GPT-4 Passes USMLE With Above-Average Score — What It Really Means for Clinical AI

When Kung et al. published their analysis of GPT-4’s performance on the United States Medical Licensing Examination in PLOS Digital Health in 2023, the result was both expected by AI researchers and disorienting for the medical establishment. GPT-4 did not merely pass. It scored above the average performance threshold for human examinees — without any medical fine-tuning, without access to clinical training data, and without the years of supervised practice that define human medical education.

The Examination and the Result

The USMLE is the three-step licensure examination required for physician practice in the United States. Step 1 and Step 2 CK test biomedical science foundations and clinical knowledge, respectively; Step 3 assesses independent medical decision-making. Passing scores require roughly 60% correct responses. Competitive performance for residency matching typically exceeds 230 on the 1-300 scale.

Kung et al. administered 350 publicly available USMLE questions across all three steps to GPT-4, GPT-3.5, and a series of specialized medical AI models. GPT-4 achieved scores between 72.4% and 86.7% across steps — comfortably above the passing threshold on all three and, on several step variants, at or above the mean human examinee performance. GPT-3.5 passed at the lower end of acceptable performance. Earlier models, including those specifically trained on medical text, did not pass.

Notably, GPT-4 also provided appropriate clinical justifications in its explanations. This is not a trivial observation: multiple-choice performance can be achieved through pattern matching, but the model’s ability to articulate reasoning that mapped to actual pathophysiological logic suggests something beyond surface-level memorization.

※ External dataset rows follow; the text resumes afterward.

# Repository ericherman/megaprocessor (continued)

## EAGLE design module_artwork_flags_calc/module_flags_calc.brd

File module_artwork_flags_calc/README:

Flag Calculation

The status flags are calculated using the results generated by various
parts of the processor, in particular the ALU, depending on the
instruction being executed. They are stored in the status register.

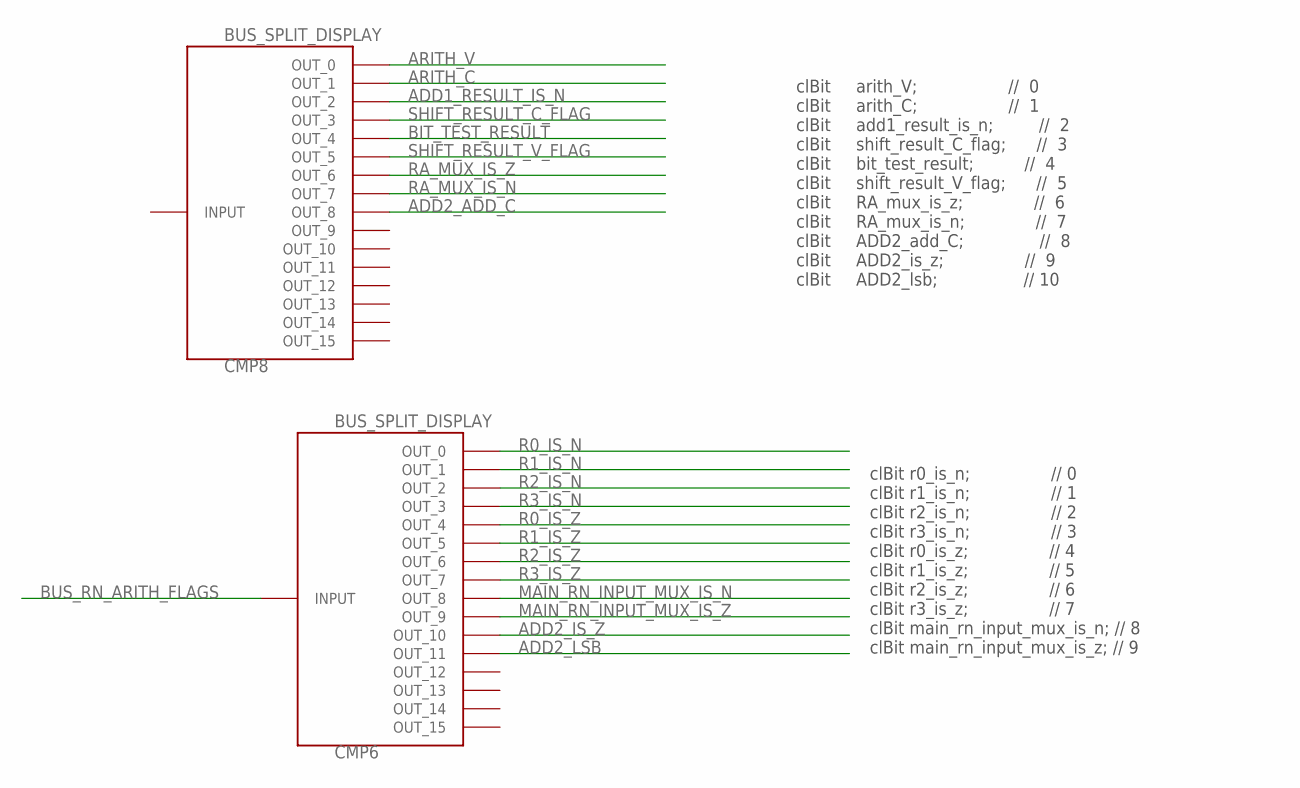
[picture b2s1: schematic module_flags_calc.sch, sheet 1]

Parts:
CMP6, CMP8: BUS_SPLIT_DISPLAY

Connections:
ADD1_RESULT_IS_N: CMP8.P$3 (OUT_2); also elsewhere on the board
ADD2_ADD_C: CMP8.P$9 (OUT_8); also elsewhere on the board
ADD2_IS_Z: CMP6.P$11 (OUT_10); also elsewhere on the board
ADD2_LSB: CMP6.P$12 (OUT_11); also elsewhere on the board
ARITH_C: CMP8.P$2 (OUT_1); also elsewhere on the board
ARITH_V: CMP8.P$1 (OUT_0); also elsewhere on the board
BIT_TEST_RESULT: CMP8.P$5 (OUT_4); also elsewhere on the board
BUS_RN_ARITH_FLAGS: CMP6.INPUT
MAIN_RN_INPUT_MUX_IS_N: CMP6.P$9 (OUT_8); also elsewhere on the board
MAIN_RN_INPUT_MUX_IS_Z: CMP6.P$10 (OUT_9); also elsewhere on the board
R0_IS_N: CMP6.P$1 (OUT_0); also elsewhere on the board
R0_IS_Z: CMP6.P$5 (OUT_4)
R1_IS_N: CMP6.P$2 (OUT_1); also elsewhere on the board
R1_IS_Z: CMP6.P$6 (OUT_5)
R2_IS_N: CMP6.P$3 (OUT_2)
R2_IS_Z: CMP6.P$7 (OUT_6)
R3_IS_N: CMP6.P$4 (OUT_3)
R3_IS_Z: CMP6.P$8 (OUT_7)
RA_MUX_IS_N: CMP8.P$8 (OUT_7); also elsewhere on the board
RA_MUX_IS_Z: CMP8.P$7 (OUT_6); also elsewhere on the board
SHIFT_RESULT_C_FLAG: CMP8.P$4 (OUT_3); also elsewhere on the board
SHIFT_RESULT_V_FLAG: CMP8.P$6 (OUT_5); also elsewhere on the board

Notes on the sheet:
clBit arith_V; // 0 clBit arith_C; // 1 clBit add1_result_is_n; // 2 clBit shift_result_C_flag; // 3 clBit bit_test_result; // 4 clBit shift_result_V_flag; // 5 clBit RA_mux_is_z; // 6 clBit RA_mux_is_n; // 7 clBit ADD2_add_C; // 8 clBit ADD2_is_z; // 9 clBit ADD2_lsb; // 10
clBit r0_is_n; // 0 clBit r1_is_n; // 1 clBit r2_is_n; // 2 clBit r3_is_n; // 3 clBit r0_is_z; // 4 clBit r1_is_z; // 5 clBit r2_is_z; // 6 clBit r3_is_z; // 7 clBit main_rn_input_mux_is_n; // 8 clBit main_rn_input_mux_is_z; // 9

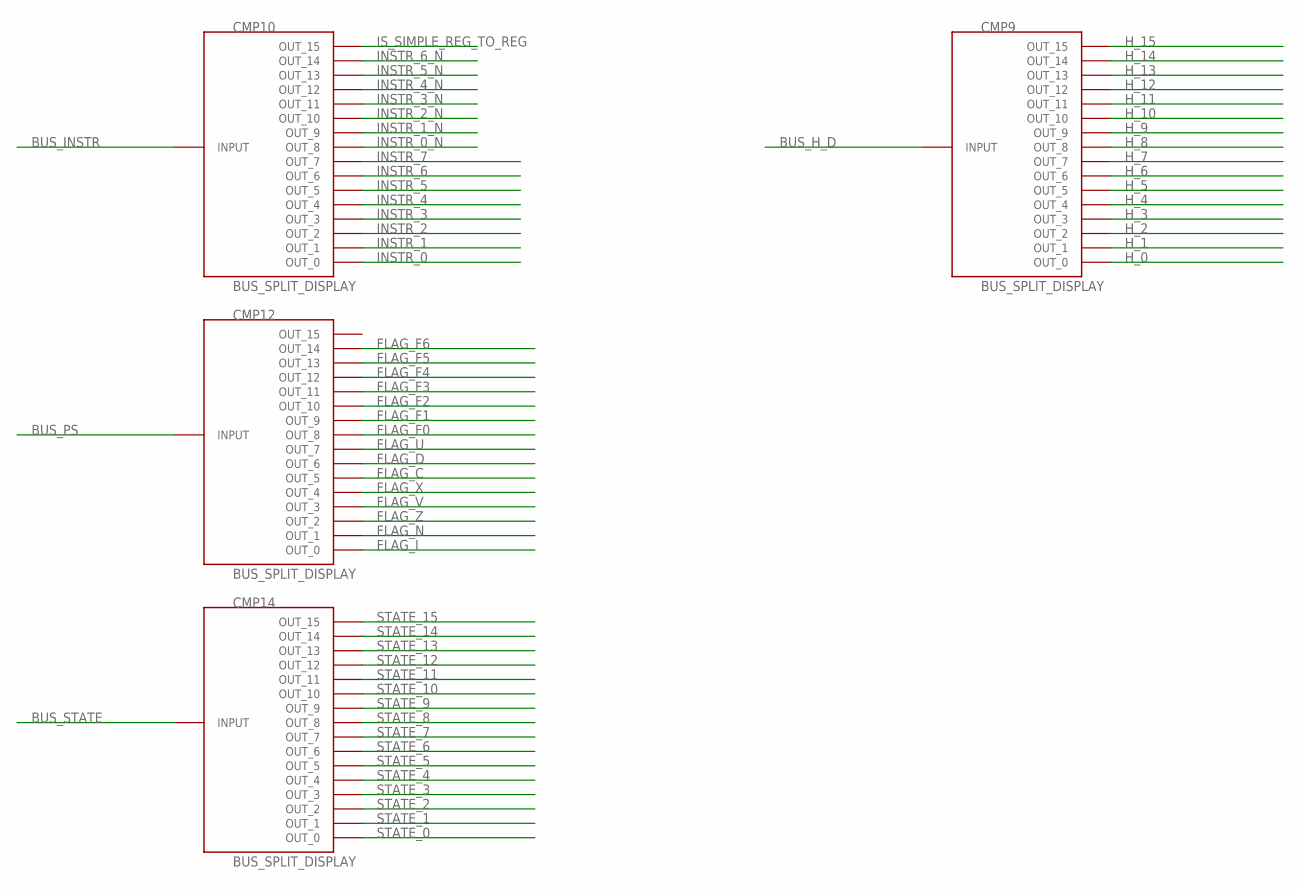
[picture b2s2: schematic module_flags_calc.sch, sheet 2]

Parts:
CMP9, CMP10, CMP12, CMP14: BUS_SPLIT_DISPLAY

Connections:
BUS_H_D: CMP9.INPUT
BUS_INSTR: CMP10.INPUT
BUS_PS: CMP12.INPUT
BUS_STATE: CMP14.INPUT
FLAG_C: CMP12.P$6 (OUT_5); also elsewhere on the board
FLAG_D: CMP12.P$7 (OUT_6); also elsewhere on the board
FLAG_F0: CMP12.P$9 (OUT_8); also elsewhere on the board
FLAG_F1: CMP12.P$10 (OUT_9); also elsewhere on the board
FLAG_F2: CMP12.P$11 (OUT_10)
FLAG_F3: CMP12.P$12 (OUT_11)
FLAG_F4: CMP12.P$13 (OUT_12); also elsewhere on the board
FLAG_F5: CMP12.P$14 (OUT_13); also elsewhere on the board
FLAG_F6: CMP12.P$15 (OUT_14); also elsewhere on the board
FLAG_I: CMP12.P$1 (OUT_0); also elsewhere on the board
FLAG_N: CMP12.P$2 (OUT_1); also elsewhere on the board
FLAG_U: CMP12.P$8 (OUT_7); also elsewhere on the board
FLAG_V: CMP12.P$4 (OUT_3); also elsewhere on the board
FLAG_X: CMP12.P$5 (OUT_4); also elsewhere on the board
FLAG_Z: CMP12.P$3 (OUT_2); also elsewhere on the board
H_0: CMP9.P$1 (OUT_0)
H_1: CMP9.P$2 (OUT_1)
H_2: CMP9.P$3 (OUT_2)
H_3: CMP9.P$4 (OUT_3); also elsewhere on the board
H_4: CMP9.P$5 (OUT_4); also elsewhere on the board
H_5: CMP9.P$6 (OUT_5); also elsewhere on the board
H_6: CMP9.P$7 (OUT_6)
H_7: CMP9.P$8 (OUT_7)
H_8: CMP9.P$9 (OUT_8)
H_9: CMP9.P$10 (OUT_9)
H_10: CMP9.P$11 (OUT_10)
H_11: CMP9.P$12 (OUT_11)
H_12: CMP9.P$13 (OUT_12)
H_13: CMP9.P$14 (OUT_13)
H_14: CMP9.P$15 (OUT_14)
H_15: CMP9.P$16 (OUT_15)
INSTR_0: CMP10.P$1 (OUT_0); also elsewhere on the board
INSTR_0_N: CMP10.P$9 (OUT_8)
INSTR_1: CMP10.P$2 (OUT_1); also elsewhere on the board
INSTR_1_N: CMP10.P$10 (OUT_9)
INSTR_2: CMP10.P$3 (OUT_2); also elsewhere on the board
INSTR_2_N: CMP10.P$11 (OUT_10)
INSTR_3: CMP10.P$4 (OUT_3); also elsewhere on the board
INSTR_3_N: CMP10.P$12 (OUT_11)
INSTR_4: CMP10.P$5 (OUT_4)
INSTR_4_N: CMP10.P$13 (OUT_12)
INSTR_5: CMP10.P$6 (OUT_5)
INSTR_5_N: CMP10.P$14 (OUT_13)
INSTR_6: CMP10.P$7 (OUT_6)
INSTR_6_N: CMP10.P$15 (OUT_14); also elsewhere on the board
INSTR_7: CMP10.P$8 (OUT_7)
IS_SIMPLE_REG_TO_REG: CMP10.P$16 (OUT_15); also elsewhere on the board
STATE_0: CMP14.P$1 (OUT_0); also elsewhere on the board
STATE_1: CMP14.P$2 (OUT_1); also elsewhere on the board
STATE_2: CMP14.P$3 (OUT_2)
STATE_3: CMP14.P$4 (OUT_3); also elsewhere on the board
STATE_4: CMP14.P$5 (OUT_4)
STATE_5: CMP14.P$6 (OUT_5); also elsewhere on the board
STATE_6: CMP14.P$7 (OUT_6)
STATE_7: CMP14.P$8 (OUT_7)
STATE_8: CMP14.P$9 (OUT_8); also elsewhere on the board
STATE_9: CMP14.P$10 (OUT_9); also elsewhere on the board
STATE_10: CMP14.P$11 (OUT_10)
STATE_11: CMP14.P$12 (OUT_11)
STATE_12: CMP14.P$13 (OUT_12)
STATE_13: CMP14.P$14 (OUT_13); also elsewhere on the board
STATE_14: CMP14.P$15 (OUT_14)
STATE_15: CMP14.P$16 (OUT_15)

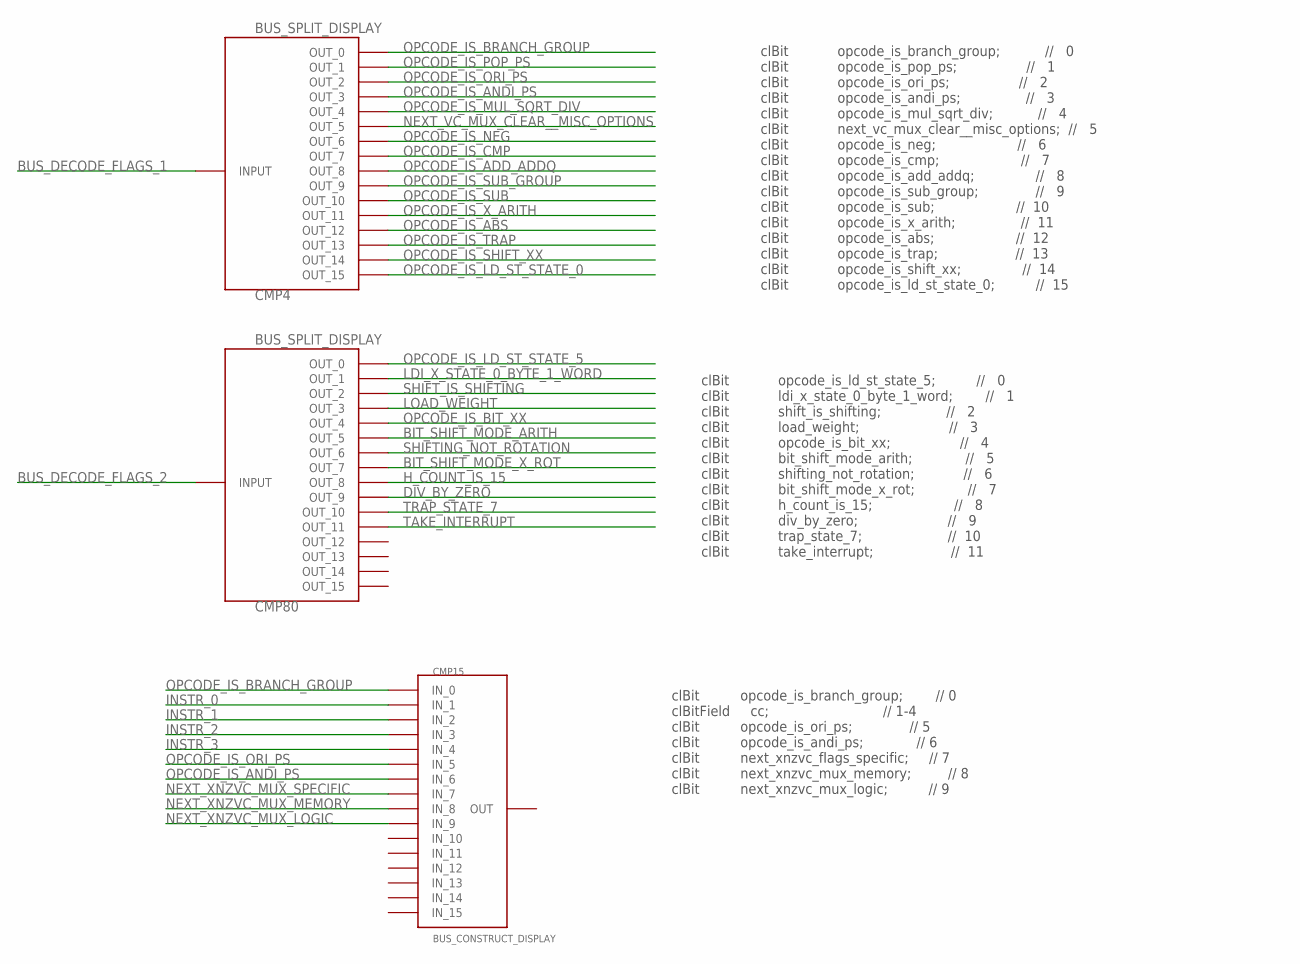
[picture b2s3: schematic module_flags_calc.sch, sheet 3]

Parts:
CMP4, CMP80: BUS_SPLIT_DISPLAY
CMP15: BUS_CONSTRUCT_DISPLAY; BUS_SPLIT_DISPLAY

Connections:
BIT_SHIFT_MODE_ARITH: CMP80.P$6 (OUT_5); also elsewhere on the board
BIT_SHIFT_MODE_X_ROT: CMP80.P$8 (OUT_7); also elsewhere on the board
BUS_DECODE_FLAGS_1: CMP4.INPUT
BUS_DECODE_FLAGS_2: CMP80.INPUT
DIV_BY_ZERO: CMP80.P$10 (OUT_9); also elsewhere on the board
H_COUNT_IS_15: CMP80.P$9 (OUT_8); also elsewhere on the board
INSTR_0: CMP15.P$2 (IN_1); also elsewhere on the board
INSTR_1: CMP15.P$3 (IN_2); also elsewhere on the board
INSTR_2: CMP15.P$4 (IN_3); also elsewhere on the board
INSTR_3: CMP15.P$5 (IN_4); also elsewhere on the board
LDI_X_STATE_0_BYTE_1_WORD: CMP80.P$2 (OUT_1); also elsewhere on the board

What the USMLE Actually Measures

The USMLE is designed to assess whether a physician candidate possesses the knowledge and reasoning necessary to practice medicine safely. It emphasizes clinical reasoning, diagnosis of undifferentiated presentations, pharmacological management, and recognition of emergency conditions. The examination is not a trivia test — it rewards integrative thinking across organ systems and patient contexts.

This makes GPT-4’s performance more significant than passing a fact-recall test would be. The model answered questions requiring multi-step reasoning: identifying the most likely diagnosis from a clinical vignette, selecting the most appropriate next step in management, or recognizing when a symptom cluster indicates a life-threatening emergency.

Implications for Clinical Decision Support

The study authors were careful to distinguish between examination performance and clinical deployment readiness. Passing the USMLE does not mean GPT-4 should be used unsupervised for clinical decision support. The exam does not test procedural skills, communication, the ability to integrate physical examination findings, or the judgment required when a patient deteriorates unexpectedly.

What it does suggest is that large language models have reached a level of medical knowledge representation sufficient to serve as sophisticated clinical reference tools. The practical question shifts from whether these models know medicine to how they should be integrated into clinical workflows, with what safeguards, and under what regulatory framework.

GPT-4 scored 72-87% on USMLE steps, above the passing threshold on all three
Performance exceeded mean human examinee scores on several step variants
GPT-3.5 passed at the lower margin; earlier specialized medical models did not pass
The model provided anatomically and pathophysiologically coherent reasoning explanations

What Remains Unresolved

Examination performance does not predict clinical performance. Medicine practiced on real patients involves ambiguity, incomplete information, physical findings, patient preferences, and liability — none of which appear in a multiple-choice vignette. There is also the question of hallucination: GPT-4 can produce confident, well-reasoned, and entirely incorrect answers. In a clinical context, a confident error is potentially more dangerous than acknowledged uncertainty.

Regulatory pathways for LLM-based clinical decision support tools remain nascent. The FDA’s Software as a Medical Device framework applies to certain AI applications, but the parameters for evaluating general-purpose LLMs in clinical contexts have not been fully articulated. This is an active area of policy development that will shape how and when tools like GPT-4 can be formally deployed in healthcare.

Key Takeaway

GPT-4’s above-average USMLE performance marks a genuine inflection point: large language models now possess sufficient medical knowledge to serve as serious clinical reasoning tools, though examination success does not resolve the harder questions of safe deployment, hallucination risk, and regulatory oversight.

Sources

Kung TH, et al. Performance of ChatGPT on USMLE: Potential for AI-assisted medical education using large language models. PLOS Digital Health. 2023;2(2):e0000198. doi:10.1371/journal.pdig.0000198

Medical Disclaimer: This article is for informational purposes only and does not constitute medical advice. Large language models described here are not approved medical devices and should not be used for clinical decision-making without appropriate oversight by qualified medical professionals.